Lowest US Job-Satisfaction in 22 Years!

ONLY 45% OF

                              

AMERICANS

                                              

SATISFIED WITH

                                  

THEIR JOBS!

                                                                                 

     It’s the worst it’s been in over two decades. The 2010 Conference Board survey underscores that Americans are not making good choices for themselves and their employers are making even worse ones!

     With more than half of the 90% of Americans who are lucky enough to be employed reportedly UNhappy with their employment, we may have an even bigger problem than job creation!

    Fortunately, it’s easier as a business owner or manager to do something about unhappy employees than it is to create and pay for new ones, especially when no realistic job creation incentives exist.

     Sure, a lot of people are unhappy with their jobs because the economy has cut their pay and benefits off at the knees, and maybe you can’t do anything about that right now — but you can provide more opportunities for employee involvement beginning right this minute.

     You can do a better job of engaging and motivating employees beginning right this minute.

     You can do a better job of promoting pride of workmanship (no matter what the job, product, service, industry or profession is). When? You got it: beginning right this minute.

     Is it worth it? Of course, unless you’re ready to just let go of your top performers without a fight. The longer you delay with pulling these “best people” into the boat, the higher the odds go every day that they will certainly get lured into a bigger, better-run boat.

     The longer you wait to throw a tow line to those who are floundering and dog-paddling around or who are trying to stay out of sight by swimming underwater around your boat, the more money you’re wasting everyday paying for what you’re not getting.

     Don’t shoot the messenger, but job creation needs government support that’s not coming. The token talk isn’t any more valuable than a handful of ping-pong balls thrown to someone who’s drowning.

     So, with that reality in your pocket, the only choice is to do whatever has to be done to pump up sales (note: not saving on utilities . . . pumping up sales; saving expenses does not make money). Increased sales generate increased revenues. By containing the greed factor, increased revenues should lead to increased profits. Increased profits allow you to create new jobs!
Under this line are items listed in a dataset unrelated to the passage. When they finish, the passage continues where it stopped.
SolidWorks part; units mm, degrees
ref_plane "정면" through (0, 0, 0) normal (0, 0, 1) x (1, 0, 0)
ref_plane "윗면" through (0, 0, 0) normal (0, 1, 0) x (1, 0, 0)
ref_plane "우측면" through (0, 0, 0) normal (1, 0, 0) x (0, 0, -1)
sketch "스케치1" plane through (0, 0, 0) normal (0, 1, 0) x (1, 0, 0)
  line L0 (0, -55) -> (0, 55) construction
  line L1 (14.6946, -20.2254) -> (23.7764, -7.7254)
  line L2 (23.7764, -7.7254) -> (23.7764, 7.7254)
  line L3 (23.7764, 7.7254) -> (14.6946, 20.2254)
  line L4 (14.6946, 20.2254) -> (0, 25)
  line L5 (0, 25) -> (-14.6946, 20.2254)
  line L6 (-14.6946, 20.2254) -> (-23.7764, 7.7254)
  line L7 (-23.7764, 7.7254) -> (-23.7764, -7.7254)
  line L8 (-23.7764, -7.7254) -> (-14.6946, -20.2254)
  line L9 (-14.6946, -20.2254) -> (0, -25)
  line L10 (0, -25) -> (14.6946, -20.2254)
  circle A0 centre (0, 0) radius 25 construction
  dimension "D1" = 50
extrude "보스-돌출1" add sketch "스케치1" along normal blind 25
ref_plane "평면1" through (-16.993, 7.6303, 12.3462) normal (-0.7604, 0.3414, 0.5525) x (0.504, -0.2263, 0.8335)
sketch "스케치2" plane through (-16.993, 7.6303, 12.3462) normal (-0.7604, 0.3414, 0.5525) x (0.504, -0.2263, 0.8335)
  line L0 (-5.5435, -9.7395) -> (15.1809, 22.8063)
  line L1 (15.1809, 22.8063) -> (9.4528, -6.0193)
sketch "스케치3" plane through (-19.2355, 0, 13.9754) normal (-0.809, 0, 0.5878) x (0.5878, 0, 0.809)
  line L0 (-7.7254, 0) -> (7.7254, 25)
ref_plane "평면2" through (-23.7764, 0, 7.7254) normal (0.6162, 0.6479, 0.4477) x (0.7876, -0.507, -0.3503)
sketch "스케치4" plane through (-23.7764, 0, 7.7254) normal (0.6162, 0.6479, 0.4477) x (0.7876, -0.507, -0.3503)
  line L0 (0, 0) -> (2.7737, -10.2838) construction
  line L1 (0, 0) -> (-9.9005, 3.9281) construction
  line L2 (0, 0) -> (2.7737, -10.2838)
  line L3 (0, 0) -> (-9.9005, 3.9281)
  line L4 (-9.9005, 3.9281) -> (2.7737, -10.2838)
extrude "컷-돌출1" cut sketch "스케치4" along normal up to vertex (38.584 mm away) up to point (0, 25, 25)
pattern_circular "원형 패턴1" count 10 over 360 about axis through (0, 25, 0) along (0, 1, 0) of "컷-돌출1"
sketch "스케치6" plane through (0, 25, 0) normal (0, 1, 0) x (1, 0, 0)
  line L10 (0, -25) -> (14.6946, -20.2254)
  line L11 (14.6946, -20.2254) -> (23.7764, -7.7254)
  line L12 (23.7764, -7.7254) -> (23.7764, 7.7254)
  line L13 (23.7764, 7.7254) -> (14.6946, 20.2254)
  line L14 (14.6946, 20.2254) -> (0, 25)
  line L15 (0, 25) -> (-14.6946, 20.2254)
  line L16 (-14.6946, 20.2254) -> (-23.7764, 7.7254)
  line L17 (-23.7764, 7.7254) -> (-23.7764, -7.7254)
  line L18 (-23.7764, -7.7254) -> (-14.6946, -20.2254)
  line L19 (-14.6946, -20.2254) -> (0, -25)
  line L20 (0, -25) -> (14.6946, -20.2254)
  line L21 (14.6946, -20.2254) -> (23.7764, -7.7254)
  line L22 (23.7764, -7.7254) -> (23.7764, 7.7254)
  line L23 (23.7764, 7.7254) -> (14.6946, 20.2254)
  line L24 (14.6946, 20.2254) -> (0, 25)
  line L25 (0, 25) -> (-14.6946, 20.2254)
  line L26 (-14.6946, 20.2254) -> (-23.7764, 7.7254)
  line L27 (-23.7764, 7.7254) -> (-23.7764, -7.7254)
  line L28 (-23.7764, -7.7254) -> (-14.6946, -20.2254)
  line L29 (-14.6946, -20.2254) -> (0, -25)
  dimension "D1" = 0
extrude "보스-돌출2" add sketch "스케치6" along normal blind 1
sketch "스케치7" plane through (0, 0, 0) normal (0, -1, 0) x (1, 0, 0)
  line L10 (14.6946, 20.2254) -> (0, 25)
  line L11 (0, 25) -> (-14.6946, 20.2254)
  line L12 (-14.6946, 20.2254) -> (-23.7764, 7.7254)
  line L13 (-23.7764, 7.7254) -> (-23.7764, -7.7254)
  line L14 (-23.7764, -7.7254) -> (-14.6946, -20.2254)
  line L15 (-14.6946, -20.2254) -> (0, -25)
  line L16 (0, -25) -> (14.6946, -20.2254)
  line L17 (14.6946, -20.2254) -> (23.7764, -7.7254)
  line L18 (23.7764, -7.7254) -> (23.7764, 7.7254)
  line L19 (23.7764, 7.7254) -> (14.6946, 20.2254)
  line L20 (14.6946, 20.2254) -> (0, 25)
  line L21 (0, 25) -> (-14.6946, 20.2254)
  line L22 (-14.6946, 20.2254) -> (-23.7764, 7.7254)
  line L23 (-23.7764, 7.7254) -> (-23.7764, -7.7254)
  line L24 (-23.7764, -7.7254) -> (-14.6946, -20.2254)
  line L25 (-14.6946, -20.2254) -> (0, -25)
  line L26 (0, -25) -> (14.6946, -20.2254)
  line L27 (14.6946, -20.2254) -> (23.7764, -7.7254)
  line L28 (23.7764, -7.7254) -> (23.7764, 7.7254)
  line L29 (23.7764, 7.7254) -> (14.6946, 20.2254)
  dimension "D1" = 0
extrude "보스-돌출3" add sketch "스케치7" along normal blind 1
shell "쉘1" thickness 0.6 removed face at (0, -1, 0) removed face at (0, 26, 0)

BINGO! Economic turnaround.

     But let’s not forget that the key to all this is for you to initiate an immediate job satisfaction turnaround!

     If you can’t save your best people and get your weakest swimmers into life-vests and keep everyone involved with genuine and transparent leadership activities, with teaching by example, with sincere compliments and back pats, you’re in trouble.

     If you think this is all unnecessary stuff, you are sadly mistaken. You are choosing fantasy over reality. You are not appreciating that while none of this may be important to you, it’s life or death to other people’s job happiness.

     Right now more than half your people are not in the boat. It’s pretty hard to be a leader if you don’t have any followers. Need some help? 302.933.0116. or Hal@BusinessWorks.US — I’m here.      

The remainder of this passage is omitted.